§ TASK GOAL: Retype, word for word, every line of the records below starting at the one that contains "function T = Feedback(X,epsc,etac,kd,kp)" and ending at the one that contains "eps = X(7:9);"; include both of those lines and nothing more.

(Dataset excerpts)
=== Begin Enclosure ===
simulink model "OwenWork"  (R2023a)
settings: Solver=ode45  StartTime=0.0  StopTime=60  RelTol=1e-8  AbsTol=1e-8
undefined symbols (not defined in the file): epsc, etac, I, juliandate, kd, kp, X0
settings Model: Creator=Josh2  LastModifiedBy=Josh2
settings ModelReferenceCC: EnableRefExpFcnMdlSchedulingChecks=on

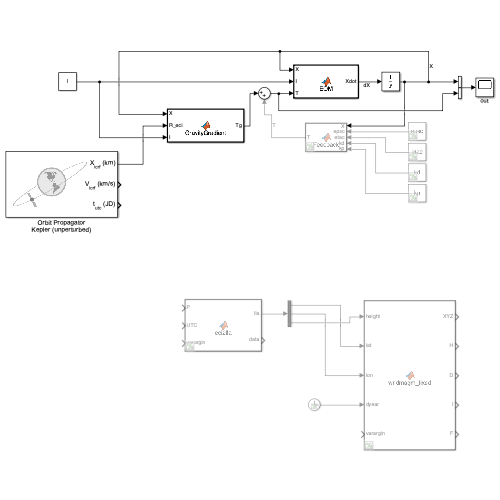
[thumbnail: Simulink's stored preview of the top-level diagram]
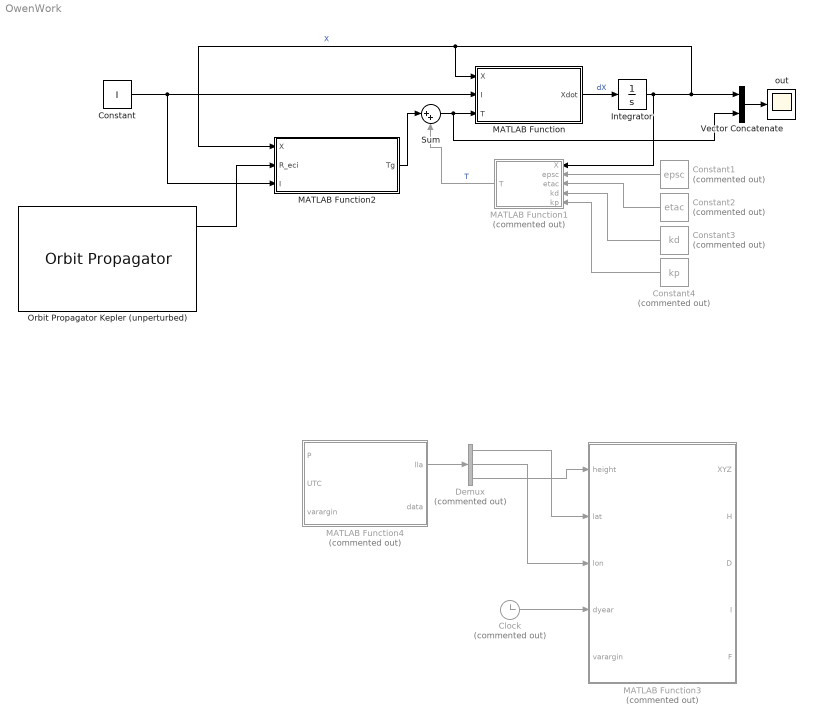
== system OwenWork ==
  Clock : Clock  Commented=on
  Constant : Constant  Value=I
  Constant1 : Constant  Commented=on  Value=epsc
  Constant2 : Constant  Commented=on  Value=etac
  Constant3 : Constant  Commented=on  Value=kd
  Constant4 : Constant  Commented=on  Value=kp
  Demux : Demux  Commented=on  Outputs=3
  Integrator : Integrator  InitialCondition=X0
  MATLAB Function : MATLAB Function  TreatAsAtomicUnit=on
  MATLAB Function1 : MATLAB Function  Commented=on  TreatAsAtomicUnit=on
  MATLAB Function2 : MATLAB Function  TreatAsAtomicUnit=on
  MATLAB Function3 : MATLAB Function  Commented=on  TreatAsAtomicUnit=on
  MATLAB Function4 : MATLAB Function  Commented=on  TreatAsAtomicUnit=on
  Orbit Propagator Kepler (unperturbed) : OrbitPropagator  startDate=juliandate(2023, 6, 21, 8, 0, 0)  semiMajorAxis=7136.6  inertialPosition=[3649700.0 3308200.0 -4676600.0]  inertialVelocity=[-2750.8 6666.4 2573.4]  fixedPosition=[-4142689.0 -2676864.7 -4669861.6]  fixedVelocity=[1452.7 -6720.7 2568.1]  customR=3396200  customMu=4.305e13  customJ2=1.0826269e-03  customOmega=4.06125949e-3  units=Metric (km/s)
  Sum : Sum  Inputs=|++
  Vector Concatenate : Concatenate
  out : Scope
  wires:
  MATLAB Function/1(Xdot) -> Integrator/1  "dX"
  Integrator/1 -> MATLAB Function/1(X), MATLAB Function2/1(X), Vector Concatenate/1, MATLAB Function1/1(X)  "X"
  Constant/1 -> MATLAB Function/2(I), MATLAB Function2/3(I)
  MATLAB Function1/1(T) -> Sum/2  "T"
  Vector Concatenate/1 -> out/1
  Constant1/1 -> MATLAB Function1/2(epsc)
  Constant2/1 -> MATLAB Function1/3(etac)
  Constant3/1 -> MATLAB Function1/4(kd)
  Constant4/1 -> MATLAB Function1/5(kp)
  MATLAB Function2/1(Tg) -> Sum/1
  Sum/1 -> MATLAB Function/3(T), Vector Concatenate/2
  Orbit Propagator Kepler (unperturbed)/1 -> MATLAB Function2/2(R_eci)
  Demux/3 -> MATLAB Function3/1(height)
  Demux/2 -> MATLAB Function3/3(lon)
  MATLAB Function4/1(lla) -> Demux/1
  Demux/1 -> MATLAB Function3/2(lat)
  Clock/1 -> MATLAB Function3/4(dyear)

== matlab function OwenWork/MATLAB Function1 ==
  data: X input; T output; epsc input; etac input; kd input; kp input
function T = Feedback(X,epsc,etac,kd,kp)

% pass through for feedback function

T = zeros(3,1);
T = FEEDBACK_ODE(X,epsc,etac,kd,kp);
end

== matlab function OwenWork/MATLAB Function ==
  data: Xdot output; X input; I input; T input
function Xdot = EOM(X,I,T)
% pass through function calls shared ODE (because this is the world we live in)
Xdot = zeros(10,1);
Xdot = EOM_ODE(0,X,I,T);
end

== matlab function OwenWork/MATLAB Function2 ==
  data: Tg output; X input; R_eci input; I input
function Tg = GravityGradient(X,R_eci,I)
eps = X(7:9);
eta = X(10);

Tg = gravgrad(eps,eta,R_eci,I); 

end

== matlab function OwenWork/MATLAB Function3 ==
  data: height input; XYZ output; lat input; lon input; dyear input; varargin input; H output; D output; I output; F output
function [XYZ, H, D, I, F] = wrldmagm_fixed(height, lat, lon, dyear, varargin)

[XYZ, H, D, I, F] = wrldmagm_fixed(height, lat, lon, dyear, varargin);

end

== matlab function OwenWork/MATLAB Function4 ==
  data: P input; lla output; UTC input; varargin input; data output
function [lla,data] = eci2lla(P,UTC,varargin)

lla = eci2lla(P,UTC,varargin);

end
=== End Enclosure ===
§ SOLVED EXERCISE:
function T = Feedback(X,epsc,etac,kd,kp)

% pass through for feedback function

T = zeros(3,1);
T = FEEDBACK_ODE(X,epsc,etac,kd,kp);
end

== matlab function OwenWork/MATLAB Function ==
  data: Xdot output; X input; I input; T input
function Xdot = EOM(X,I,T)
% pass through function calls shared ODE (because this is the world we live in)
Xdot = zeros(10,1);
Xdot = EOM_ODE(0,X,I,T);
end

== matlab function OwenWork/MATLAB Function2 ==
  data: Tg output; X input; R_eci input; I input
function Tg = GravityGradient(X,R_eci,I)
eps = X(7:9);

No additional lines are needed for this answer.